她努力伸长脖子去看,瞳孔再次地震,确定了,大师兄怀里正抱着一个瘦弱矮小的人。她是谁?是谁!
大师兄,那个清冷不似凡人的大师兄,他,竟然,竟然毫无嫌隙的抱着这人,还这般亲密的给这人拍背。而那人,竟然,连衣服都没穿,就这么不要脸的趴在大师兄怀里,还搂着大师兄的脖子。
不可饶恕!绝不原谅!
一个瘦小的女人?
这个念头一出,如同毒刺,瞬间刺破她的理智。一时间她只觉气血上涌,凭什么?自己痴恋多年,等到25了还没嫁人,不就是为了顾清风。
凭什么?多年努力,连顾清风的一片衣角都没摸到,这个不知道从哪里冒出来的干瘦女人,凭什么!
该死的!
就是她这一刻的失神,衣摆滑过树叶,沙沙声自此间传开,并被顾清风捕捉到。
顾清风双眸一冷,寒光乍现,本能的护住怀中兰策的同时,低喝出声,“谁?出来!”
他声音不大,却蕴含着精纯的内力,精准的撞向林惊鸿藏匿的古树。后者一个不察,内力如寒风袭来,她短促的轻哼一声,紧接着,有些狼狈的从树上掉落在草皮上。
她双手撑地,控诉的看向顾清风,顾清风宽大且骨节分明的手护住怀中人的后脑勺,将人更紧密的压进怀里,身体微侧,用肩膀和背部挡住可能来自这个方向的视线或攻击。整个人如拉满的弓,进入戒备状态的同时牢牢护住怀里的人。
见此情景,林惊鸿差点咬碎一口银牙,竟然还护着!
“大师兄,她是谁?”林惊鸿顾不得摔疼的腿脚和手臂,骨碌一下站起来,被发现的惊慌被看到顾清风抱着护着别人的怒气取代,忍不住质问。
这个不知道从哪里冒出来的女人凭什么得到大师兄的关爱和庇护,只看背影就知道瘦的没二两肉,大师兄为什么要喜欢一块搓衣板!自己比那块搓衣板不知强了几倍!

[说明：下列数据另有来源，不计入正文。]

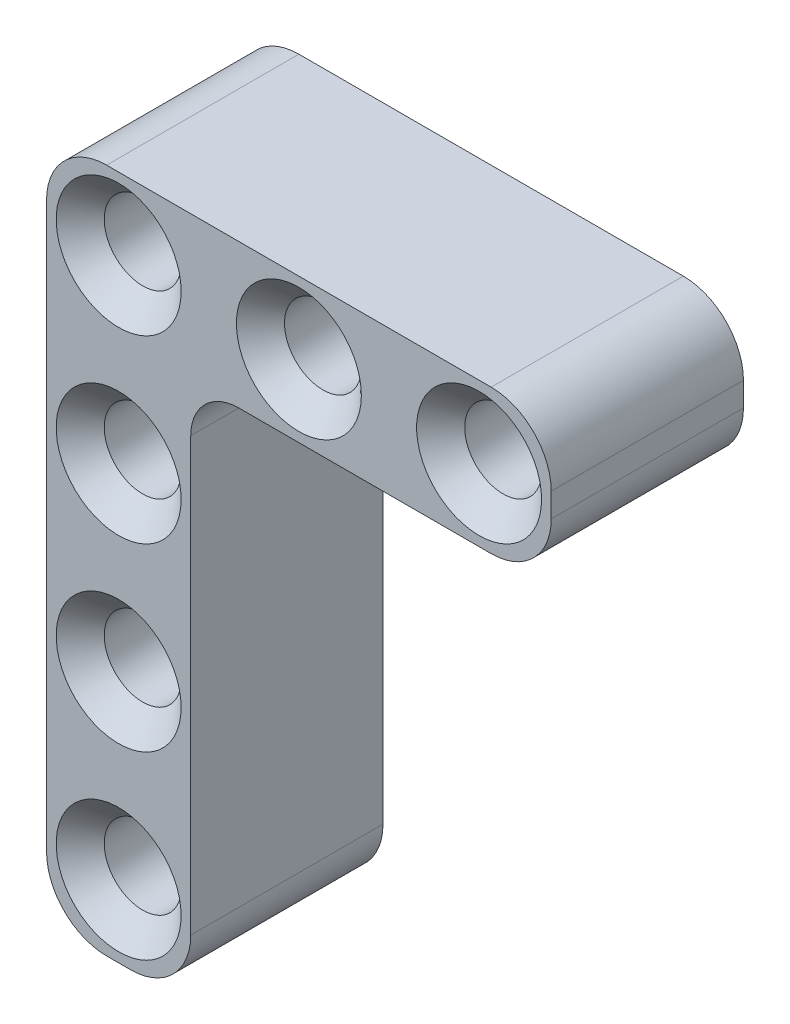
SolidWorks part; units mm, degrees
ref_plane "Front Plane" through (0, 0, 0) normal (0, 0, 1) x (1, 0, 0)
ref_plane "Top Plane" through (0, 0, 0) normal (0, 1, 0) x (1, 0, 0)
ref_plane "Right Plane" through (0, 0, 0) normal (1, 0, 0) x (0, 0, -1)
sketch "Sketch1" plane through (0, 0, 0) normal (0, 0, 1) x (1, 0, 0)
  line L1 (-0.5, 3) -> (15.5, 3)
  line L2 (-3, 0.5) -> (-3, -0.5)
  line L3 (-0.5, -3) -> (15.5, -3)
  line L4 (18, 0.5) -> (18, -0.5)
  circle A0 centre (0, 0) radius 1.6
  arc A1 (15.5, -3) -> (18, -0.5) centre (15.5, -0.5) ccw
  arc A2 (15.5, 3) -> (18, 0.5) centre (15.5, 0.5) cw
  arc A3 (-3, -0.5) -> (-0.5, -3) centre (-0.5, -0.5) ccw
  arc A4 (-0.5, 3) -> (-3, 0.5) centre (-0.5, 0.5) ccw
  circle A5 centre (7.5, 0) radius 1.6
  circle A6 centre (15, 0) radius 1.6
  point P8 (-3, 0)
  point P14 (-3, -3)
  point P17 (-3, 3)
  dimension "D1" = 3.2
  dimension "D4" = 2.5
  dimension "D2" = 6
  dimension "D3" = 3
  dimension "D6" = 7.5
  dimension "D5" = 3
extrude "Boss-Extrude1" add sketch "Sketch1" along normal blind 8
chamfer "Chamfer1" distance 1 angle 45 6 edges at (16.6, 0, 0) (16.6, 0, 8) (9.1, 0, 0) (9.1, 0, 8) (1.6, 0, 0) (1.6, 0, 8)
sketch "Sketch2" plane through (0, 0, 8) normal (0, 0, 1) x (1, 0, 0)
  line L0 (-3, 0) -> (-3, -23)
  line L1 (-0.5, -25.5) -> (0.5, -25.5)
  line L2 (3, -23) -> (3, -3)
  line L3 (-3, 0.5) -> (-3, -0.5) construction
  line L4 (-0.5, -3) -> (15.5, -3) construction
  circle A1 centre (0, -7.5) radius 1.6
  arc A4 (-3, -23) -> (-0.5, -25.5) centre (-0.5, -23) ccw
  arc A5 (0.5, -25.5) -> (3, -23) centre (0.5, -23) ccw
  circle A6 centre (0, -15) radius 1.6
  circle A7 centre (0, -22.5) radius 1.6
  point P18 (-3, -25.5)
  point P21 (3, -25.5)
  dimension "D3" = 3.2
  dimension "D8" = 2.5
  dimension "D1" = 6
  dimension "D2" = 90
  dimension "D4" = 3
  dimension "D5" = 7.5
  dimension "D7" = 3
  dimension "D6" = 3
extrude "Boss-Extrude3" add sketch "Sketch2" against normal blind 8
fillet "Fillet1" radius 2 1 edges at (3, -3, 4)
chamfer "Chamfer5" distance 1 angle 45 6 edges at (1.6, -7.5, 8) (1.6, -7.5, 0) (1.6, -15, 8) (1.6, -15, 0) (1.6, -22.5, 8) (1.6, -22.5, 0)

就这两声低喝,本来已经闭上眼睛准备睡觉的兰策轻哼一声又挣开了眼睛,只觉后背刺啦啦的,意识到有其他人,下意识用小胳膊更用力抱紧顾清风,从他怀里探出脑袋,“师父,怎么了?”
他声音里是满满的依赖,顾清风偏头看他情况还好,想了一下,揉了揉他的后脑勺算安抚,“没事,别怕,睡吧。”
师父?她叫他,师父,这是!不对!
林惊鸿刚刚没注意,这才看清兰策露出的半张小脸,这哪是什么瘦小的女人,分明是个半大的男孩子。
她心头狂跳,接着就是一阵欣喜,暗道自己胡思乱想。大师兄还是那个大师兄,那个清冷高贵的大师兄,怎么可能会随便带个女人回来,怎么可能和女人这么随便的抱在一起。
只是,高兴不到片刻,她再次拧起秀眉。虽说只是半大孩子,可也不该这么亲昵的抱着。她的眼睛在兰策那半张小脸上打量,下意识的皱眉,哪来的小崽子,大师兄竟然收他为徒,是为了进后山?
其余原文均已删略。